* _Activity_:
All lines before the one containing "F_78_0_016_DIAMETER_HOLE1_DEPTH = 3", plus that line itself, are to be printed exactly as they appear below.

* _Data provided_:
● ● ● ● ●
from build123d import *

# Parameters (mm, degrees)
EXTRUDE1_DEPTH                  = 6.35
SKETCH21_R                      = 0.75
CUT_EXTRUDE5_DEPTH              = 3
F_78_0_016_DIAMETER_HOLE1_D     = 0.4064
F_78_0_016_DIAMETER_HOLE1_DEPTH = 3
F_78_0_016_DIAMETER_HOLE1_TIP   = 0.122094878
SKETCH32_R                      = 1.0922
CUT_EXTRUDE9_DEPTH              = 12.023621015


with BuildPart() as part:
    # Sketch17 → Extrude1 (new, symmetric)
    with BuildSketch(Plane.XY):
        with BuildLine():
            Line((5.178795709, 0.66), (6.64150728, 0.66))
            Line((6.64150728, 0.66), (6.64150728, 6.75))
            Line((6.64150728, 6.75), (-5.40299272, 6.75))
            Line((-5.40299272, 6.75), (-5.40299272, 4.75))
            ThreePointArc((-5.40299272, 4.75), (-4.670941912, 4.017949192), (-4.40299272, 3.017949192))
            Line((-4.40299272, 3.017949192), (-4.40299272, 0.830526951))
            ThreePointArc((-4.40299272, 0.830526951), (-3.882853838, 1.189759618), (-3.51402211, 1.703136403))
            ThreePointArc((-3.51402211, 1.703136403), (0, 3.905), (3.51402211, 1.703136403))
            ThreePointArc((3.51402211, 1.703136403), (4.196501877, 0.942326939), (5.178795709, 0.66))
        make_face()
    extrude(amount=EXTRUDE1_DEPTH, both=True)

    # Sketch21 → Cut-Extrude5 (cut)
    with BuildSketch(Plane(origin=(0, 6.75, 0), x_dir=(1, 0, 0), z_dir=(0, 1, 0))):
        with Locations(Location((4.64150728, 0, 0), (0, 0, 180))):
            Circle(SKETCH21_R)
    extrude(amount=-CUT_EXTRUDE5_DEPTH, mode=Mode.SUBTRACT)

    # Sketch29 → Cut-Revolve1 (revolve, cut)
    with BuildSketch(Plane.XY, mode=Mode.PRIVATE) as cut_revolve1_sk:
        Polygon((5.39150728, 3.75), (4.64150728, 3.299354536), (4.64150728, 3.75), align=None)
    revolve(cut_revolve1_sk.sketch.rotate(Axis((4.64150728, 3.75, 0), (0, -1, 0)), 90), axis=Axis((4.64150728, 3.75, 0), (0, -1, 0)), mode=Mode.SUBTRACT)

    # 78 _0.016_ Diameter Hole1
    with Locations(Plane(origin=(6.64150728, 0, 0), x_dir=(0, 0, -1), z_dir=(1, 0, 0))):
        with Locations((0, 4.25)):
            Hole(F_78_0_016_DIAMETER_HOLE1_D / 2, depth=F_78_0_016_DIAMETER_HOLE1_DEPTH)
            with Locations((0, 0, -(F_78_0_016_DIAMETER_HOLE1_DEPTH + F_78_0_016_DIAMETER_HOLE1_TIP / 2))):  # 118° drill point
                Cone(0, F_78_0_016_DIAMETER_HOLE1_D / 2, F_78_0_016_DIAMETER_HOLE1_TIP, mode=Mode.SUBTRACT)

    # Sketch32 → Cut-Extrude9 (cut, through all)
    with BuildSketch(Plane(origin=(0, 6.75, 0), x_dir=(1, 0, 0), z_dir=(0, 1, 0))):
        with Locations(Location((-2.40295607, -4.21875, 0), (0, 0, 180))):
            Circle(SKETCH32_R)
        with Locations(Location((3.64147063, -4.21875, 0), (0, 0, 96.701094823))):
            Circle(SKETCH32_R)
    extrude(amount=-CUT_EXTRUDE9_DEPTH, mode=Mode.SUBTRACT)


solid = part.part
● ● ● ● ●
* _Exercise solution_:
from build123d import *

# Parameters (mm, degrees)
EXTRUDE1_DEPTH                  = 6.35
SKETCH21_R                      = 0.75
CUT_EXTRUDE5_DEPTH              = 3
F_78_0_016_DIAMETER_HOLE1_D     = 0.4064
F_78_0_016_DIAMETER_HOLE1_DEPTH = 3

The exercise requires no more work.